_Dataset entries_.
########################################

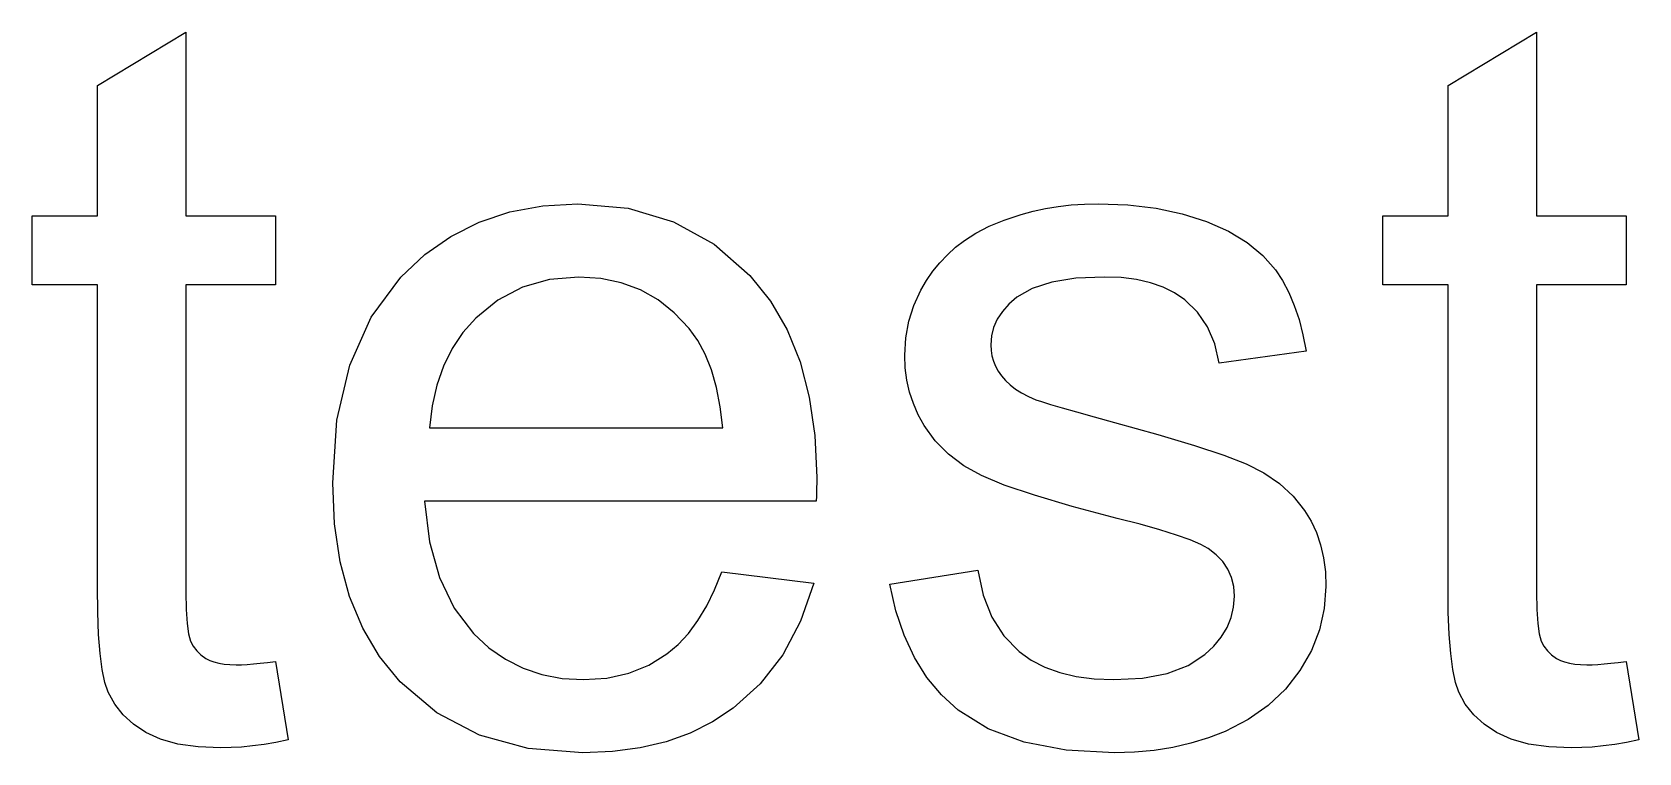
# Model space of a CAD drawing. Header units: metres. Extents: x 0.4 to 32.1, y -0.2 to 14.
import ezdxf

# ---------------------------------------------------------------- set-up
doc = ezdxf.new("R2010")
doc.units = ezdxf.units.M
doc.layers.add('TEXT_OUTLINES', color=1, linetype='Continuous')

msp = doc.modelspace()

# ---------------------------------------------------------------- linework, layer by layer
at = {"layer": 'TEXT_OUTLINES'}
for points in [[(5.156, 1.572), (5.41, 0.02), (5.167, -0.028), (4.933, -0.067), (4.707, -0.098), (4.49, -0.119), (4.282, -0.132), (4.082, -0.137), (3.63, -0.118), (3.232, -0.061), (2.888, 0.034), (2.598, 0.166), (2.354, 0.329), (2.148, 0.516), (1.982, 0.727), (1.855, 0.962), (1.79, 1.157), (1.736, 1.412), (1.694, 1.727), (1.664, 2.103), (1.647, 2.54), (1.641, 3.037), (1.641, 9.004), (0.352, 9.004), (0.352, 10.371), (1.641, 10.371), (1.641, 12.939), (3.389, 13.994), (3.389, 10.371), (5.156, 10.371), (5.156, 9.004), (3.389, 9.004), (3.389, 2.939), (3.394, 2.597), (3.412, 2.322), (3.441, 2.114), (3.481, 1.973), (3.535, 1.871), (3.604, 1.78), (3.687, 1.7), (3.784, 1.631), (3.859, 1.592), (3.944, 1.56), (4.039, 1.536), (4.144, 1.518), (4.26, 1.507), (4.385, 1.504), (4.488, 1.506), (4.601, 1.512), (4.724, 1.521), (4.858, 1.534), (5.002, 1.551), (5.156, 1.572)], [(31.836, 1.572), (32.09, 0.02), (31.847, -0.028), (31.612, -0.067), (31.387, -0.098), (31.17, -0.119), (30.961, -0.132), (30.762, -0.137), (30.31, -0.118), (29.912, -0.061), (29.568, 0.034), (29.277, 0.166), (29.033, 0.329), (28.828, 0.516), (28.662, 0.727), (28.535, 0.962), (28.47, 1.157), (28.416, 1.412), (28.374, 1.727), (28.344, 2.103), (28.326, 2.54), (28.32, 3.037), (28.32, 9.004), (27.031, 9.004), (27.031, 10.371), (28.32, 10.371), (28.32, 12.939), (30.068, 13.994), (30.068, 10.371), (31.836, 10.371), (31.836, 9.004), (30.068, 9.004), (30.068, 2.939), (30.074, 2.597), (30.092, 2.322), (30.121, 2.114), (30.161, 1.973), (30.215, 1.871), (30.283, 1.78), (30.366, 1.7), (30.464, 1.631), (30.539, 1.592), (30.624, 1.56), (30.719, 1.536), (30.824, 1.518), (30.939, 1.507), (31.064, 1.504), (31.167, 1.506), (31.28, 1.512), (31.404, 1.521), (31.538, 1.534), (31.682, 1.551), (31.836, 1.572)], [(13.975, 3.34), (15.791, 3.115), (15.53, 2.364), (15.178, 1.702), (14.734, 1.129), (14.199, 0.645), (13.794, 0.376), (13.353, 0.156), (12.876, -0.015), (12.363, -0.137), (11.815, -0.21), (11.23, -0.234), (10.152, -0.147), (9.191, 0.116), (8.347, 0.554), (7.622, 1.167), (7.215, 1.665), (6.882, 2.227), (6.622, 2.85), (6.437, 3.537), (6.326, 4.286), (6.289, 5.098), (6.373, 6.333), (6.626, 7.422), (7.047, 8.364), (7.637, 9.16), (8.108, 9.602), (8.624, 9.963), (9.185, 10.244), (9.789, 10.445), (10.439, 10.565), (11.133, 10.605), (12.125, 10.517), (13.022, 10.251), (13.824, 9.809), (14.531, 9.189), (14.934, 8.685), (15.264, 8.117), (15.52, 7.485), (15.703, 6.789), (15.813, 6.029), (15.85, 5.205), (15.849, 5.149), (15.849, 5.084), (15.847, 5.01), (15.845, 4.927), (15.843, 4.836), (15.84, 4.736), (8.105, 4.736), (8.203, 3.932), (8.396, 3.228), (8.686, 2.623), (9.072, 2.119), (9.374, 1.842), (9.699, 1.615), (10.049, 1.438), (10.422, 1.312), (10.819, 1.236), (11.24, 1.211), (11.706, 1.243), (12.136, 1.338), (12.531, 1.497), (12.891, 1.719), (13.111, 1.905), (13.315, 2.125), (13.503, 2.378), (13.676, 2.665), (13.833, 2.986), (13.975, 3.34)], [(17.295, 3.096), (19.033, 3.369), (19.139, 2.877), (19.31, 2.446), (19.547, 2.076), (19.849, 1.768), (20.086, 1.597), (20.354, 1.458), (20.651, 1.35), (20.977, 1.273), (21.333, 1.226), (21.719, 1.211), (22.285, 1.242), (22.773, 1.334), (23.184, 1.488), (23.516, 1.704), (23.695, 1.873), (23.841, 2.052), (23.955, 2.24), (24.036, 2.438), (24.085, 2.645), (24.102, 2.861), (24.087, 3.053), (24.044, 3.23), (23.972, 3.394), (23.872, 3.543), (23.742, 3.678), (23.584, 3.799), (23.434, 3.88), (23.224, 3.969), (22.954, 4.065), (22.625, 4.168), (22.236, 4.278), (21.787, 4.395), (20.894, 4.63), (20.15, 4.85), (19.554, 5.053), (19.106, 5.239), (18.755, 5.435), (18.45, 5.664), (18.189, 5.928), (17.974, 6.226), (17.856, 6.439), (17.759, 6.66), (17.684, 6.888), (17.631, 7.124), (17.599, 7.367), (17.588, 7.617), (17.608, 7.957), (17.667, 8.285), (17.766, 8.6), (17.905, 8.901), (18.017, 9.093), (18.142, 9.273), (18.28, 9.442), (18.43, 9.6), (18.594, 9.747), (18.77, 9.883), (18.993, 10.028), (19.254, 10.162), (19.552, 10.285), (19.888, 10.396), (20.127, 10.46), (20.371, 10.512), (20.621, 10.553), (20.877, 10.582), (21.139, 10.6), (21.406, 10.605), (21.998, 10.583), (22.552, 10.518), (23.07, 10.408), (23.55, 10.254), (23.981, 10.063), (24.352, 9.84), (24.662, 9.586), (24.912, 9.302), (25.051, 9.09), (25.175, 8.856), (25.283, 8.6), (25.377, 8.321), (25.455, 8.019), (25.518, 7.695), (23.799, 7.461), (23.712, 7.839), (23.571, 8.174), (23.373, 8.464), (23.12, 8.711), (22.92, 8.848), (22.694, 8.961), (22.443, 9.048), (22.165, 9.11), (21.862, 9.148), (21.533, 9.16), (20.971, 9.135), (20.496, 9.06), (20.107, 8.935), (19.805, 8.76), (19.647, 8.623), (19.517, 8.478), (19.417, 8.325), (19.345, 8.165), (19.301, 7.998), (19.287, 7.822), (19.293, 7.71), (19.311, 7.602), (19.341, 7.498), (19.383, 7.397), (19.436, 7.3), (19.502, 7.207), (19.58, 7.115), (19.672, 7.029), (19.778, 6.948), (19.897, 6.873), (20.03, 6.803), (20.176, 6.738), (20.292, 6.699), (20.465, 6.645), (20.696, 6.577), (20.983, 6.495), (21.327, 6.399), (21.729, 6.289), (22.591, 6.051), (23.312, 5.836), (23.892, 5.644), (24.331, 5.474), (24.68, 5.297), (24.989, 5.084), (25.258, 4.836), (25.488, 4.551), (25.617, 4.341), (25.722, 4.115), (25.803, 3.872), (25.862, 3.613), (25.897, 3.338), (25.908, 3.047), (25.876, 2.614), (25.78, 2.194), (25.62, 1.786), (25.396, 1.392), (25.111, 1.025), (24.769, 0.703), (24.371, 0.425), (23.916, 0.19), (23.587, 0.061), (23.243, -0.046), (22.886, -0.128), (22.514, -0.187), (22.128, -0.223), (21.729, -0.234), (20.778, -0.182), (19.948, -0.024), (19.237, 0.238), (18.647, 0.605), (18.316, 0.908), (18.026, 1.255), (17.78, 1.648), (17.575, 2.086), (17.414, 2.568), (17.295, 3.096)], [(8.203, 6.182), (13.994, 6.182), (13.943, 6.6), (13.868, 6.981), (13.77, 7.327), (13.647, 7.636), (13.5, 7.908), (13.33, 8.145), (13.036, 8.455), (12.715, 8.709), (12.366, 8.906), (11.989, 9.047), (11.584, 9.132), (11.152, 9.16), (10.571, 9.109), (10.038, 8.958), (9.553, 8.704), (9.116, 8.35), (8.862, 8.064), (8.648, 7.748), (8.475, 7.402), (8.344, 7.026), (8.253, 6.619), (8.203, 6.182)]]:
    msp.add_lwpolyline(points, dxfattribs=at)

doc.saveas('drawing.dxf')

########################################

_WHAT TO WORK ON_. Only one stretch of the data above is needed. Restate it word for word, from the line containing "import ezdxf" through the line containing "layer by layer", both ends included.

_EXERCISE RESULT_.
import ezdxf

# ---------------------------------------------------------------- set-up
doc = ezdxf.new("R2010")
doc.units = ezdxf.units.M
doc.layers.add('TEXT_OUTLINES', color=1, linetype='Continuous')

msp = doc.modelspace()

# ---------------------------------------------------------------- linework, layer by layer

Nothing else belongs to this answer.